Tips of table1 R Package and Summary Tables

Last updated on Oct 14, 2024 10 min read Biostatistics

Table of Contents

Introduction

In this post, I will introduce how I utilize the table1 R package, which is designed to create publication-ready tables summarizing descriptive statistics and baseline characteristics of a study population. The package offers a user-friendly interface for generating customizable tables that can include categorical and continuous variables, stratified analyses, and statistical tests for group differences. Additionally, I will provide tips on using the table1 package.
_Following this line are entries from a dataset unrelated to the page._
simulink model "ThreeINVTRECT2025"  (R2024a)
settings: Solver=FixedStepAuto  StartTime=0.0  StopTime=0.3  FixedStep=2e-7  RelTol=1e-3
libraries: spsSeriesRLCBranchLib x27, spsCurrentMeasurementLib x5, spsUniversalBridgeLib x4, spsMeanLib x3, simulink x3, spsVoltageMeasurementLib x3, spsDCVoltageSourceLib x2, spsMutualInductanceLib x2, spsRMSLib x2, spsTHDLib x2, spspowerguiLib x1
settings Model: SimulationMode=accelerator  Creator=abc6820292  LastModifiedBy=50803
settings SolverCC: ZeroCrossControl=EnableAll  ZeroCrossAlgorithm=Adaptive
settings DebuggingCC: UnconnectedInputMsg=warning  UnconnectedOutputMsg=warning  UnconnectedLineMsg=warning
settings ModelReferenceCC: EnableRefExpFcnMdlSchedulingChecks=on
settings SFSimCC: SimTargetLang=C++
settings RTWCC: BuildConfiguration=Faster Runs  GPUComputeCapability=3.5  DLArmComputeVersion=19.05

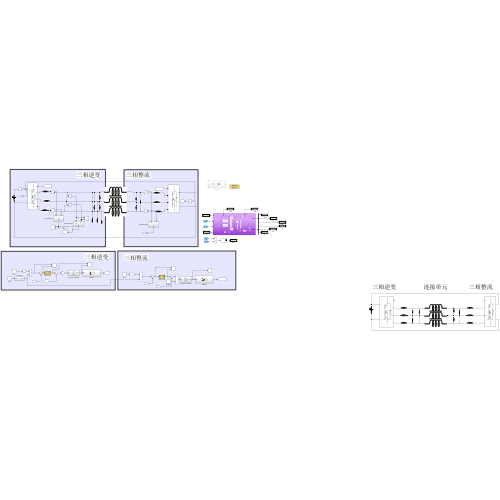
[thumbnail: Simulink's stored preview of the top-level diagram]
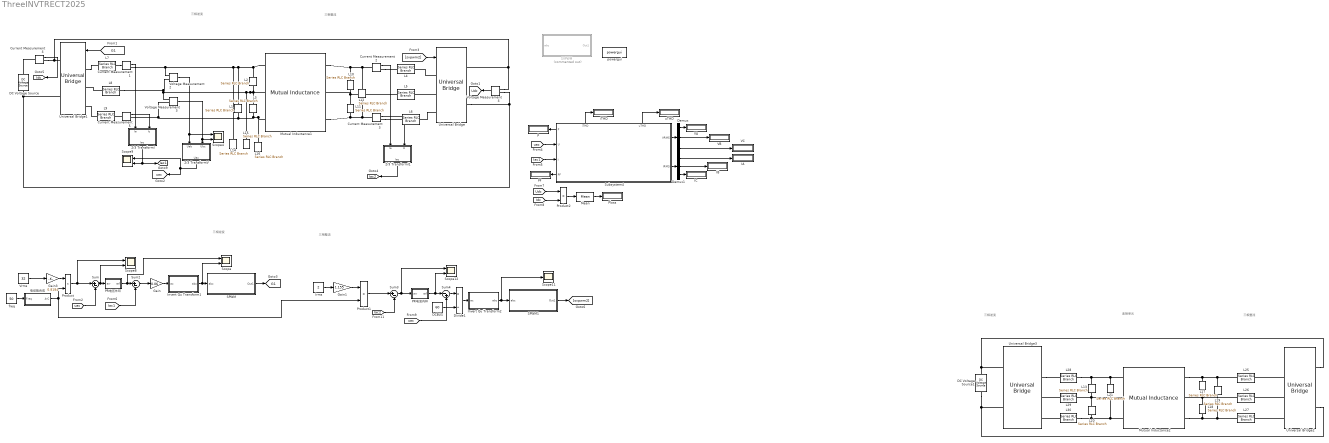
== system ThreeINVTRECT2025 ==
  note: 连接单元
  note: 三相逆变
  note: 三相逆变
  note: 三相整流
  note: 三相整流
  note: 三相逆变
  note: 三相整流
  2/3 TransformI : Subsystem
  2/3 TransformI1 : Subsystem
  2/3 TransformV : Subsystem
  Current Measurement{1..5} (5 alike) : spsCurrentMeasurementLib/Current Measurement  PhasorSimulation=off  OutputType=Complex  PSBequivalent=0
  DC Voltage Source : spsDCVoltageSourceLib/DC Voltage Source  Amplitude=60  Measurements=None
  DC Voltage Source1 : spsDCVoltageSourceLib/DC Voltage Source  Amplitude=60  Measurements=None
  DCBUS : Constant  Value=60
  Demux : Demux  Outputs=3
  Demux1 : Demux  Outputs=3
  Divide1 : Product  Inputs=*/
  Gain : Gain  Gain=0.06
  Gain1 : Gain  Gain=1.155
  Gain3 : Gain  Gain=0.8184
  IA : Display
      settings: Format=bank
  IB : Display
      settings: Format=bank
  IC : Display
      settings: Format=bank
  Invert Qu Transform1 : Subsystem
  Invert Qu Transform2 : Subsystem
  Irms : Constant  Value=2
  L{1..3,10..13,17..21} (12 alike) : spsSeriesRLCBranchLib/Series RLC Branch  LConnTagsString=__new0  RConnTagsString=__new0  BranchType=C  Resistance=16  Inductance=2e-3  SetiL0=off  InitialCurrent=0  Capacitance=2.2e-6  Setx0=off  InitialVoltage=0  Measurements=None
  L14 : spsSeriesRLCBranchLib/Series RLC Branch  LConnTagsString=__new0  RConnTagsString=__new0  BranchType=R  Resistance=16  Inductance=2e-3  SetiL0=off  InitialCurrent=0  Capacitance=2.2e-6  Setx0=off  InitialVoltage=0  Measurements=None
  L15 : spsSeriesRLCBranchLib/Series RLC Branch  LConnTagsString=__new0  RConnTagsString=__new0  BranchType=R  Resistance=16  Inductance=2e-3  SetiL0=off  InitialCurrent=0  Capacitance=2.2e-6  Setx0=off  InitialVoltage=0  Measurements=None
  L16 : spsSeriesRLCBranchLib/Series RLC Branch  LConnTagsString=__new0  RConnTagsString=__new0  BranchType=R  Resistance=16  Inductance=2e-3  SetiL0=off  InitialCurrent=0  Capacitance=2.2e-6  Setx0=off  InitialVoltage=0  Measurements=None
  L{4..9,25..30} (12 alike) : spsSeriesRLCBranchLib/Series RLC Branch  LConnTagsString=__new0  RConnTagsString=__new0  BranchType=L  Resistance=1  Inductance=7e-4  SetiL0=off  InitialCurrent=0  Capacitance=2e-3  Setx0=off  InitialVoltage=0  Measurements=None
  Mean : spsMeanLib/Mean  Freq=50  Vinit=0  Ts=0
  Mutual Inductance1 : spsMutualInductanceLib/Mutual Inductance  LConnTagsString=a|b|c  RConnTagsString=A|B|C  TypeOfMutual=Two or three windings with equal mutual terms  NumberOfWindings=3  SelfImpedance1=[0.01 1e-03]  SelfImpedance2=[0.01 1e-03]  ThreeWindings=on  SelfImpedance3=[0.01 1e-03]  MutualImpedance=[0.02 0.9e-03]  InductanceMatrix="[1.0 0.9  0.9 ;  0.9 1.0  0.9;  0.9 0.9 1.0 ] * 1e-3"  ResistanceMatrix="[1.0 0.9  0.9 ;  0.9 1.0  0.9;  0.9 0.9 1.0 ]"  Measurements=None
  Mutual Inductance2 : spsMutualInductanceLib/Mutual Inductance  LConnTagsString=a|b|c  RConnTagsString=A|B|C  TypeOfMutual=Two or three windings with equal mutual terms  NumberOfWindings=3  SelfImpedance1=[0.01 1e-03]  SelfImpedance2=[0.01 1e-03]  ThreeWindings=on  SelfImpedance3=[0.01 1e-03]  MutualImpedance=[0.02 0.9e-03]  InductanceMatrix="[1.0 0.9  0.9 ;  0.9 1.0  0.9;  0.9 0.9 1.0 ] * 1e-3"  ResistanceMatrix="[1.0 0.9  0.9 ;  0.9 1.0  0.9;  0.9 0.9 1.0 ]"  Measurements=None
  P : Display
      settings: Format=bank
  PF : Display
  PR电压外环 : Subsystem  TreatAsAtomicUnit=on  mask{Kp=1, Kr=50, Wc=5, Upper=80, Lower=-80}
  PR电流内环 : Subsystem  TreatAsAtomicUnit=on  mask{Kp=2, Kr=50, Wc=5, Upper=80, Lower=-80}
  Ploss : Display
  Product : Product
  Product1 : Product
  Product2 : Product
  SPWM : Subsystem
  SPWM1 : Subsystem
  SVPWM : Subsystem  Commented=on
  Scope{,4,8..9,12} (5 alike) : Scope  NumInputPorts=2
  Scope11 : Scope
  Subsystem4 : Subsystem
      settings: PortSchema="{\"entries\":[{\"content\":{\"sides\":[{\"content\":{\"connectorIds\":[\"Out5\",\"In1\",\"In2\",\"Out6\"]},\"type\":\"ConnectorPlacement.EquallySpacedRectSide\",\"uuid\":\"8f3b7bf1-7c44-4492-a357-aa6e3e6d66a4\"},{\"content\":{\"connectorIds\":[\"Out1\",\"Out2\"],\"side\":\"RIGHT\"},\"type\":\"ConnectorPlacement.EquallySpacedRectSide\",\"uuid\":\"7ae784cf-6bcf-4684-9c07-1770fc60c8a0\"},{\"content\":{\"connectorIds\":[\"Out3\",\"Out4\"],\"side\":\"TOP\"},\"type\":\"ConnectorPlacement.EquallySpacedRectSide\",\"uuid\":\"0e016931-6232-4ad6-afe9-572a0571336f\"},{\"content\":{\"side\":\"BOTTOM\"},\"type\":\"ConnectorPlacement.EquallySpacedRectSide\",\"uuid\":\"ef67c6ee-ba81-4705-af34-81581e7e9907\"}]},\"type\":\"ConnectorPlacement.EquallySpacedConnector\",\"uuid\":\"922af512-c0ff-443f-816c-194775a78dc8\"}],\"packageUris\":[\"http://schema.mathworks.com/mf0/Connector/R2020b\"],\"version\":\"1.0\"}"
  Sum : Sum  Inputs=|+-
  Sum2 : Sum  Inputs=|+-
  Sum3 : Sum  Inputs=|+-
  Sum4 : Sum  Inputs=|-+
  Universal Bridge{,1..3} (4 alike) : spsUniversalBridgeLib/Universal Bridge  Arms=3  SnubberResistance=1e5  SnubberCapacitance=inf  Device=MOSFET / Diodes  Ron=1e-3  Lon=0  ForwardVoltages="[  0  0  ]"  ForwardVoltage=0  GTOparameters=[ 10e-6 , 20e-6 ]  IGBTparameters=[ 1e-6 , 2e-6 ]  Measurements=None  Measurements_2=None  converterType=Rectifier
  VA : Display
      settings: Format=bank
  VB : Display
      settings: Format=bank
  VC : Display
      settings: Format=bank
  Voltage Measurement2 : spsVoltageMeasurementLib/Voltage Measurement  PhasorSimulation=off  OutputType=Complex  PSBequivalent=0
  Voltage Measurement3 : spsVoltageMeasurementLib/Voltage Measurement  PhasorSimulation=off  OutputType=Complex  PSBequivalent=0
  Voltage Measurement4 : spsVoltageMeasurementLib/Voltage Measurement  PhasorSimulation=off  OutputType=Complex  PSBequivalent=0
  Vrms : Constant  Value=32
  freq : Constant  Value=50
  iTHD : Display
  powergui : spspowerguiLib/powergui  SimulationMode=Discrete  SampleTime=2e-7  frequency=60  Iterations=50  frequencyindice=0  Pbase=100e6  ErrMax=1e-4  UnitsV=kV  UnitsW=MW  buscounter=0  FunctionMessages=off  echomessages=off  EnableUseOfTLC=off  CurrentSourceSwitches=off  DisableSnubberDevices=off  DisableRonSwitches=off  DisableVfSwitches=off  DisplayEquations=off  AutomaticDiscreteSolvers=off  SolverType=Tustin/Backward Euler (TBE)  Interpol=off  ExternalGateDelay=off  methode=off  Ts=0  x0status=blocks  SPID=off  SwTol=0  HookPort=off  NonlinearTolerance=1e-4  nMaxIteration=100  ContinueOnMaxIteration=off  RestoreLinks=warning  ResistiveCurrentMeasurement=off  Frange=[0:2:500]  Ylog=off  Xlog=on  ShowGrid=off  save=off  variable=ZData  structure=QQQQQ  ZoomFFT=off  StartTime=0.5  cycles=15  DisplayStyle=1  fundamental=50  FreqAxis=off  MaxFrequency=1000  frequencyindicesteady=1  RmsSteady=1  display=off
  uTHD : Display
  电动势合成 : Subsystem
      settings: PortSchema="{\"entries\":[{\"content\":{\"sides\":[{\"content\":{\"connectorIds\":[]},\"type\":\"ConnectorPlacement.EquallySpacedRectSide\",\"uuid\":\"ac756fcf-f6d7-466d-bb3d-287dec8ae983\"},{\"content\":{\"connectorIds\":[],\"side\":\"RIGHT\"},\"type\":\"ConnectorPlacement.EquallySpacedRectSide\",\"uuid\":\"3e1a0e91-a0b8-40c4-8839-5ebd84050a30\"},{\"content\":{\"connectorIds\":[\"In1\"],\"side\":\"TOP\"},\"type\":\"ConnectorPlacement.EquallySpacedRectSide\",\"uuid\":\"4c3986ff-483b-4975-8d50-1a8a46f35065\"},{\"content\":{\"connectorIds\":[\"Out1\"],\"side\":\"BOTTOM\"},\"type\":\"ConnectorPlacement.EquallySpacedRectSide\",\"uuid\":\"d0166e46-df65-4061-a961-140d500477a7\"}]},\"type\":\"ConnectorPlacement.EquallySpacedConnector\",\"uuid\":\"9d4b00aa-dfb1-427d-8698-7ec64c5ca012\"}],\"packageUris\":[\"http://schema.mathworks.com/mf0/Connector/R2020b\"],\"version\":\"1.0\"}"
  tag scope: G1=global, Iac1=global, Iac2=global, Idc=global, Udc=global, uac=global
  wires:
  [Iac1] -> Subsystem4/2(I)
  PR电流内环/1(ref) -> Sum4/1, Scope12/2
  [Iac2] -> Sum3/2
  Demux/3 -> VC/1
  [Iac1] -> Sum2/2
  Current Measurement5/1 -> 2/3 TransformI/2(Ic)
  Subsystem4/2(IRMS) -> Demux1/1
  2/3 TransformI/1(Iac) -> Scope9/2, [Iac1]
  [uac] -> Subsystem4/1(U)
  Subsystem4/1(VRMS) -> Demux/1
  Irms/1 -> Gain1/1
  Demux/2 -> VB/1
  2/3 TransformV/1(Uac) -> [uac], Scope9/1
  Demux/1 -> VA/1
  Subsystem4/5(P) -> P/1
  Demux1/3 -> IC/1
  SPWM1/1(Out1) -> [svpwm2]
  SPWM/1(Out1) -> [G1]
  Gain1/1 -> Product1/1
  Demux1/2 -> IB/1
  Current Measurement1/1 -> 2/3 TransformI/1(Ia)
  [G1] -> Universal Bridge1/1
  Voltage Measurement3/1 -> Scope4/2, 2/3 TransformV/2(Ubc)
  Subsystem4/6(PF) -> PF/1
  Sum3/1 -> PR电流内环/1(err), Scope12/1
  Invert Qu Transform2/1(abc) -> SPWM1/1(abc), Scope11/1
  Vrms/1 -> Gain3/1
  freq/1 -> 电动势合成/1(Freq)
  Demux1/1 -> IA/1
  Product1/1 -> Sum3/1
  电动势合成/1(A-C) -> Product/2, Product1/2
  [svpwm2] -> Universal Bridge/1
  Subsystem4/3(iTHD) -> iTHD/1
  Voltage Measurement2/1 -> Scope4/1, 2/3 TransformV/1(Uab)
  [uac] -> Sum/2
  Subsystem4/4(uTHD) -> uTHD/1
  Product/1 -> Scope8/1, Sum/1
  Voltage Measurement4/1 -> [Udc]
  Invert Qu Transform1/1(abc) -> Scope/2, SPWM/1(abc)
  Current Measurement2/1 -> 2/3 TransformI1/1(Ia)
  Current Measurement3/1 -> 2/3 TransformI1/2(Ic)
  2/3 TransformI1/1(Iac) -> [Iac2]
  Gain3/1 -> Product/1
  Current Measurement4/1 -> [Idc]
  [Idc] -> Product2/2
  [Udc] -> Product2/1
  Product2/1 -> Mean/1
  Mean/1 -> Ploss/1
  Divide1/1 -> Invert Qu Transform2/1(ac)
  Sum4/1 -> Divide1/1
  DCBUS/1 -> Divide1/2
  [uac] -> Sum4/2
  Sum/1 -> Scope8/2, PR电压外环/1(err)
  PR电压外环/1(ref) -> Scope/1, Sum2/1
  Gain/1 -> Invert Qu Transform1/1(ac)
  Sum2/1 -> Gain/1
  connections:
  L10/LConn1 -- Mutual Inductance1/RConn1 -- L12/LConn1 -- Current Measurement2/LConn1
  Current Measurement4/RConn1 -- Voltage Measurement4/LConn1 -- Universal Bridge/RConn1 -- Universal Bridge1/RConn1
  DC Voltage Source/LConn1 -- Universal Bridge1/RConn2 -- Universal Bridge/RConn2 -- Voltage Measurement4/LConn2
  Current Measurement5/RConn1 -- L16/LConn1 -- Mutual Inductance1/LConn3 -- L3/RConn1 -- L1/RConn1 -- Voltage Measurement3/LConn2
  Current Measurement3/RConn1 -- L6/LConn1
  L7/RConn1 -- Current Measurement1/LConn1
  Universal Bridge1/LConn1 -- L7/LConn1
  Universal Bridge/LConn3 -- L6/RConn1
  Universal Bridge/LConn2 -- L5/RConn1
  Current Measurement5/LConn1 -- L9/RConn1
  Current Measurement2/RConn1 -- L4/LConn1
  L9/LConn1 -- Universal Bridge1/LConn3
  Universal Bridge/LConn1 -- L4/RConn1
  L8/LConn1 -- Universal Bridge1/LConn2
  L5/LConn1 -- L11/LConn1 -- L10/RConn1 -- Mutual Inductance1/RConn2
  L14/LConn1 -- Current Measurement1/RConn1 -- Voltage Measurement2/LConn1 -- L1/LConn1 -- L2/LConn1 -- Mutual Inductance1/LConn1
  L3/LConn1 -- Mutual Inductance1/LConn2 -- L15/LConn1 -- L8/RConn1 -- Voltage Measurement2/LConn2 -- Voltage Measurement3/LConn1 -- L2/RConn1
  Current Measurement3/LConn1 -- Mutual Inductance1/RConn3 -- L11/RConn1 -- L12/RConn1
  DC Voltage Source/RConn1 -- Current Measurement4/LConn1
  Universal Bridge2/RConn1 -- DC Voltage Source1/RConn1 -- Universal Bridge3/RConn1
  L18/RConn1 -- L19/RConn1 -- L27/LConn1 -- Mutual Inductance2/RConn3
  Mutual Inductance2/RConn2 -- L18/LConn1 -- L26/LConn1 -- L17/RConn1
  Mutual Inductance2/RConn1 -- L25/LConn1 -- L19/LConn1 -- L17/LConn1
  Universal Bridge2/LConn1 -- L25/RConn1
  L30/RConn1 -- L20/RConn1 -- L21/RConn1 -- Mutual Inductance2/LConn3
  Universal Bridge2/LConn3 -- L27/RConn1
  L29/LConn1 -- Universal Bridge3/LConn2
  L30/LConn1 -- Universal Bridge3/LConn3
  Universal Bridge3/LConn1 -- L28/LConn1
  L28/RConn1 -- L13/LConn1 -- L21/LConn1 -- Mutual Inductance2/LConn1
  Universal Bridge2/LConn2 -- L26/RConn1
  DC Voltage Source1/LConn1 -- Universal Bridge2/RConn2 -- Universal Bridge3/RConn2
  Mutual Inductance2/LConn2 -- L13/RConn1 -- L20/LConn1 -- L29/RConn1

Beyond the examples provided here, should you wish for further customization, like merging two tables with different sample sizes or conducting other statistical tests, you may need to create your own code using basic R.
- More methods and render code will be updated, later… Hopefully!

Before we start

The package author has offered an excellent tutorial, please take a look to gain insights into using this package: https://benjaminrich.github.io/table1/vignettes/table1-examples.html
I will use the same dataset as the package author in this post for illustration.
I recommend preparing the data for table1 in a separate dataset. For instance, name the raw dataset as dat, the table1-specific dataset as table1_dat, and the analysis dataset as analysis_dat. This separation helps when we want to apply different reference levels, variable labels, etc, for different purposes:
- Set variables as factors, with levels ordered as they will appear in the table.
- Use the expss::apply_labels function to add labels to the column names

Sample Datasets

## Data from package
library(boot) 

melanoma2 <- melanoma
 
# Factor the basic variables that
# we're interested in
melanoma2$status <- 
  factor(melanoma2$status, 
         levels=c(2,1,3),
         labels=c("Alive", # Reference
                  "Melanoma death", 
                  "Non-melanoma death"))


## Simulated data
f <- function(x, n, ...) factor(sample(x, n, replace=T, ...), levels=x)
set.seed(427)

n <- 146
dat <- data.frame(id=1:n)
dat$treat <- f(c("Placebo", "Treated"), n, prob=c(1, 2)) # 2:1 randomization
dat$age   <- sample(18:65, n, replace=TRUE)
dat$sex   <- f(c("Female", "Male"), n, prob=c(.6, .4))  # 60% female
dat$wt    <- round(exp(rnorm(n, log(70), 0.23)), 1)

# Add some missing data
dat$wt[sample.int(n, 5)] <- NA

dat = dat %>% 
  mutate(treat = as.factor(treat),
         sex = factor(sex, levels = c("Female", "Male")))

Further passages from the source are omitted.